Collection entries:
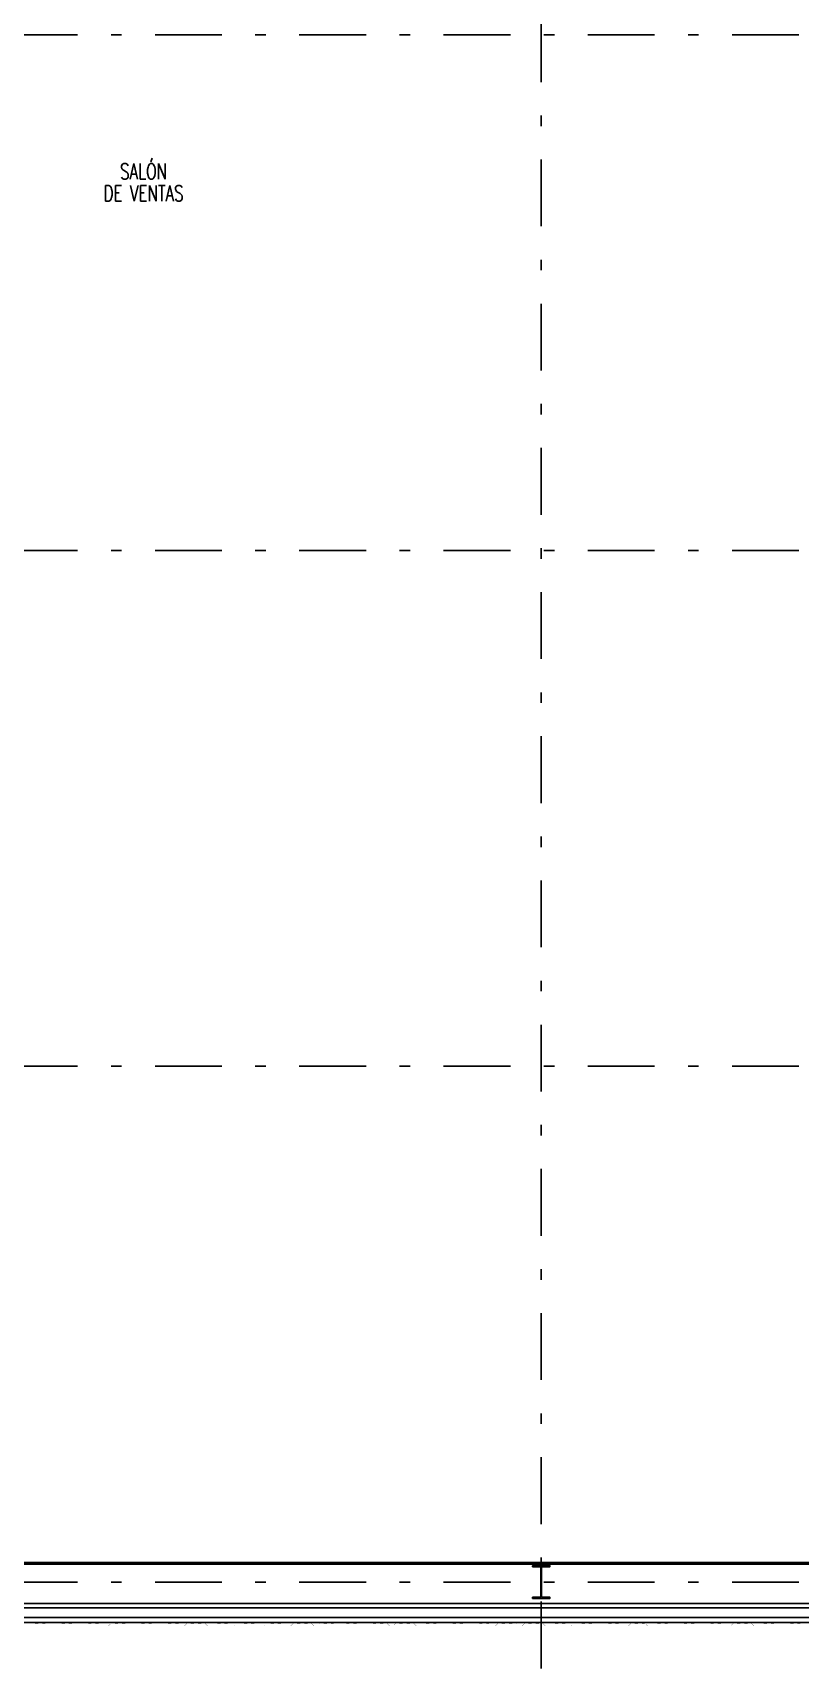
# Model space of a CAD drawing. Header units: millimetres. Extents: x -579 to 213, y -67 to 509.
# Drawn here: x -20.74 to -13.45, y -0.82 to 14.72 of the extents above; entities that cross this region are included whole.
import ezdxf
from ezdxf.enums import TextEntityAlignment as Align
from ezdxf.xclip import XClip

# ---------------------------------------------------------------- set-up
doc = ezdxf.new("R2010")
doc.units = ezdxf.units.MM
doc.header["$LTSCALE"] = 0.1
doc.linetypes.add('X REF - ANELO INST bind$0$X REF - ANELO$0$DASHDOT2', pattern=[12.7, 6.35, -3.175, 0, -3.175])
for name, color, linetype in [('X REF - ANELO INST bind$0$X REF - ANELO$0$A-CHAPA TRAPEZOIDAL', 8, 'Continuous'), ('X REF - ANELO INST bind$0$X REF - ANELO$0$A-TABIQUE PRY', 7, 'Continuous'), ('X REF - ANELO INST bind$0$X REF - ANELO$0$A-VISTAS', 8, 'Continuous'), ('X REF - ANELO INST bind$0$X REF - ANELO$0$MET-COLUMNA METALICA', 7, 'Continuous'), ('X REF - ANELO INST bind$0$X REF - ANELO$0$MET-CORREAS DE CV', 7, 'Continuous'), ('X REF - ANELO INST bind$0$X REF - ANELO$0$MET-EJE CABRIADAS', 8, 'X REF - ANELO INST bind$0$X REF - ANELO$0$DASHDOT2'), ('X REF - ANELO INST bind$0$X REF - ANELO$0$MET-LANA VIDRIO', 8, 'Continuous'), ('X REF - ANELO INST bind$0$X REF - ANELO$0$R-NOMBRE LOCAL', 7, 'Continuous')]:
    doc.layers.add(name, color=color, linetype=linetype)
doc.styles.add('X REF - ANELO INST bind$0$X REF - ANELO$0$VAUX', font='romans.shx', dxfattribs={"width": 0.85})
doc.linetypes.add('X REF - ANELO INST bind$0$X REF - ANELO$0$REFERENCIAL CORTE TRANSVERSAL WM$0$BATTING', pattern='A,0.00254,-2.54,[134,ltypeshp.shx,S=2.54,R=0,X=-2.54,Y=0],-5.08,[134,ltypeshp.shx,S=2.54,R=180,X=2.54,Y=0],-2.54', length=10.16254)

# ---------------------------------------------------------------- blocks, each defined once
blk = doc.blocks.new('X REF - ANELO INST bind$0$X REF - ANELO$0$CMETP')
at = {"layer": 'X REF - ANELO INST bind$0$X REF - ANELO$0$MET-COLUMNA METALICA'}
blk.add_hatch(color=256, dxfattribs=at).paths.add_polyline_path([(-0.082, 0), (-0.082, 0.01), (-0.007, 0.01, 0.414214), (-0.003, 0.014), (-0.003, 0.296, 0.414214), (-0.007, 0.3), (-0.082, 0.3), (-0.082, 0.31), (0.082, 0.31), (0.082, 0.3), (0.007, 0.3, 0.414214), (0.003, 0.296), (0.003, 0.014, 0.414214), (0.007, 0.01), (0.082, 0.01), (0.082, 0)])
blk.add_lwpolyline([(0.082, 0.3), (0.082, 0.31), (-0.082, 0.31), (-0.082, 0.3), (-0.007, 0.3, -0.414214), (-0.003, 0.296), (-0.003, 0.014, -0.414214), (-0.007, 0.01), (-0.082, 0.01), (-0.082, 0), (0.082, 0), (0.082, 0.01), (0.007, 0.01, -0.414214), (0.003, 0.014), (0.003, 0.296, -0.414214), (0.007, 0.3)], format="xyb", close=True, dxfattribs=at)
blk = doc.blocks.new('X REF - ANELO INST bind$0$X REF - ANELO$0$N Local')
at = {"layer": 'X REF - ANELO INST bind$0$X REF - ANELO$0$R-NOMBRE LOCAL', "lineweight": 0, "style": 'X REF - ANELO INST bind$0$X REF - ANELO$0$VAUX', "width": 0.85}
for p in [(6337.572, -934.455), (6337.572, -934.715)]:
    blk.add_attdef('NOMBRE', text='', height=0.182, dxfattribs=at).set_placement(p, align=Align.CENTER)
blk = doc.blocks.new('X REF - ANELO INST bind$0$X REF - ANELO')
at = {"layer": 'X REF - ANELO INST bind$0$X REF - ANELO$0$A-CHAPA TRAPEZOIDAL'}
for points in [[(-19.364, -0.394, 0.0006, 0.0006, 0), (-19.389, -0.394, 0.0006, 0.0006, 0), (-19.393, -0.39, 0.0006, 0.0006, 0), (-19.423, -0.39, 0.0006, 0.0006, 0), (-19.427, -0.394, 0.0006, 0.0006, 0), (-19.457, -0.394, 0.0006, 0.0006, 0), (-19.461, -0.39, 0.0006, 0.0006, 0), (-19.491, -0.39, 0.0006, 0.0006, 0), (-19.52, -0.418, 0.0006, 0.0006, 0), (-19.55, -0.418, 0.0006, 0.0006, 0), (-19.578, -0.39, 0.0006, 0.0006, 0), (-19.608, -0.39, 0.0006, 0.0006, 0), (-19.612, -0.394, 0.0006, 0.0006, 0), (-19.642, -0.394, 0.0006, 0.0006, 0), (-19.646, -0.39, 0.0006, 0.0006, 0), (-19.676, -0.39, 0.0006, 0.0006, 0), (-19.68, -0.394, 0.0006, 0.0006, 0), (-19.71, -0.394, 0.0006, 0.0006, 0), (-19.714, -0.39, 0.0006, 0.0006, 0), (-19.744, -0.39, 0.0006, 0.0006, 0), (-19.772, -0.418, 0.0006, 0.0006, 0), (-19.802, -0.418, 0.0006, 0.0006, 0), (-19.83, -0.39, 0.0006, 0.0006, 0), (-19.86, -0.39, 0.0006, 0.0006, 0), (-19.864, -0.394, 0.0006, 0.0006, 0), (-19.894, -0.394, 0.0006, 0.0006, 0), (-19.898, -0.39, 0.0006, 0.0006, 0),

_Exercise brief:_
Only the lines from the first line of the data above through the line with "-3.175, 0, -3.175])" should appear in the answer, retyped exactly, with every picture left out.

_Exercise response:_
# Model space of a CAD drawing. Header units: millimetres. Extents: x -579 to 213, y -67 to 509.
# Drawn here: x -20.74 to -13.45, y -0.82 to 14.72 of the extents above; entities that cross this region are included whole.
import ezdxf
from ezdxf.enums import TextEntityAlignment as Align
from ezdxf.xclip import XClip

# ---------------------------------------------------------------- set-up
doc = ezdxf.new("R2010")
doc.units = ezdxf.units.MM
doc.header["$LTSCALE"] = 0.1
doc.linetypes.add('X REF - ANELO INST bind$0$X REF - ANELO$0$DASHDOT2', pattern=[12.7, 6.35, -3.175, 0, -3.175])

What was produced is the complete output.